🤖 AI Summary
This work addresses integrated sensing and communication (ISAC) systems with rotatable antennas, aiming to maximize the minimum echo signal power over an extended sensing region while satisfying multiuser communication rate requirements. To this end, the paper establishes a joint optimization framework for antenna pointing direction, communication beamforming, and sensing signal covariance matrix. A closed-form optimal solution is derived for the single-user point-target scenario, and an efficient alternating optimization algorithm is developed for the multiuser extended-target case. Simulation results demonstrate that the proposed approach significantly outperforms baseline schemes employing fixed antenna orientations or optimizing only array-level rotation, thereby achieving substantial improvements in both sensing and communication performance.
📝 Abstract
Rotatable antenna (RA) has emerged as a promising technology to improve both communication and sensing performance in future wireless networks. In this paper, we deploy an RA array at the base station (BS) to improve the integrated sensing and communication (ISAC) performance by exploiting the additional spatial degrees of freedom (DoFs) introduced by antenna rotation. To enhance the sensing performance over an extended region containing a potential target while meeting the communication requirements of multiple users, we aim to maximize the minimum echo signal power within the sensing region, subject to required minimum communication rates of the users.
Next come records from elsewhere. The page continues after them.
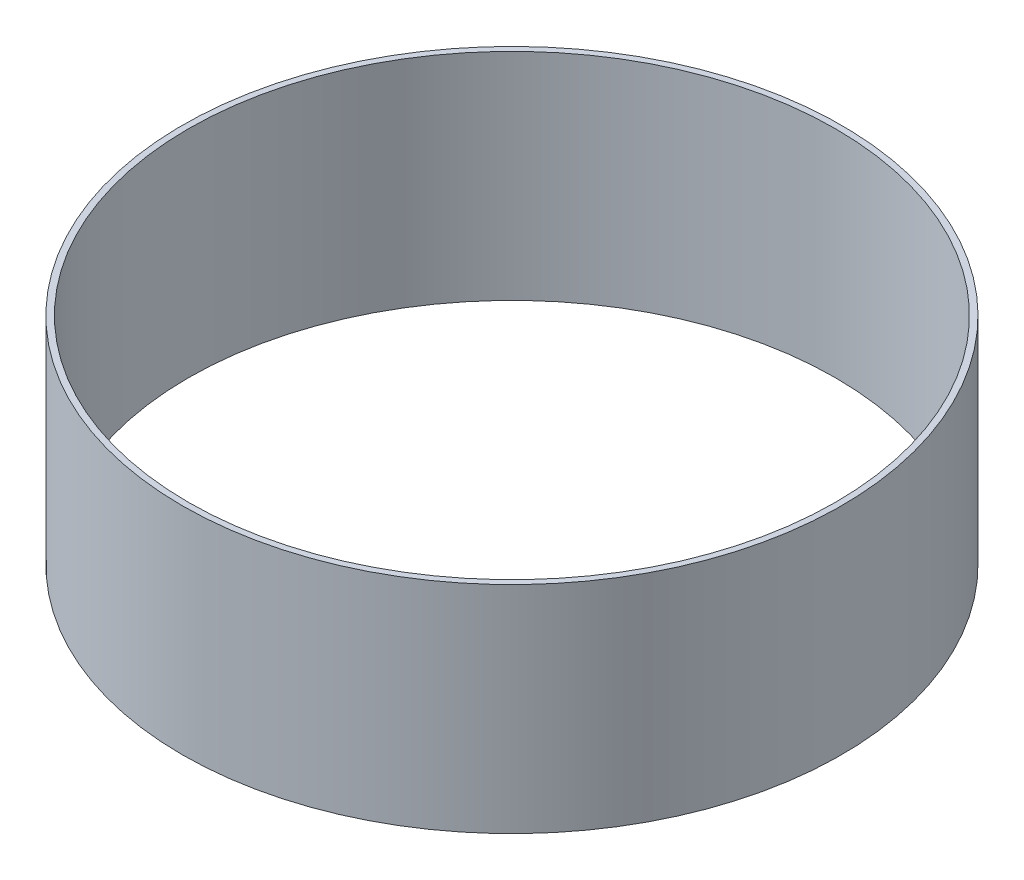
from build123d import *

# Parameters (mm, degrees)
SKETCH1_R           = 77.6224
SKETCH1_R_2         = 76.2
BOSS_EXTRUDE1_DEPTH = 25.4


with BuildPart() as part:
    # Sketch1 → Boss-Extrude1 (new, symmetric)
    with BuildSketch(Plane(origin=(0, 0, 0), x_dir=(1, 0, 0), z_dir=(0, 1, 0))):
        with Locations(Location((0, 0, 0), (0, 0, 270))):
            Circle(SKETCH1_R)
        with Locations(Location((0, 0, 0), (0, 0, 270))):
            Circle(SKETCH1_R_2, mode=Mode.SUBTRACT)
    extrude(amount=BOSS_EXTRUDE1_DEPTH, both=True)


solid = part.part

For the special case of a single user and a point target, we show that the optimal orientation of all RAs is identical when both the communication user and the sensing target are located in the far-field region, and then derive a closed-form solution for the optimal RA pointing vector. For the general multi-user and extended-target case, we propose an alternating optimization (AO) algorithm that alternately optimizes the transmit beamforming for communication, the covariance matrix of the probing signal, and the pointing vectors of the RAs in an iterative manner. Simulation results demonstrate that the proposed RA-enabled ISAC system can significantly outperform various benchmark schemes, including systems with array-wise rotation optimization and fixed antenna orientation.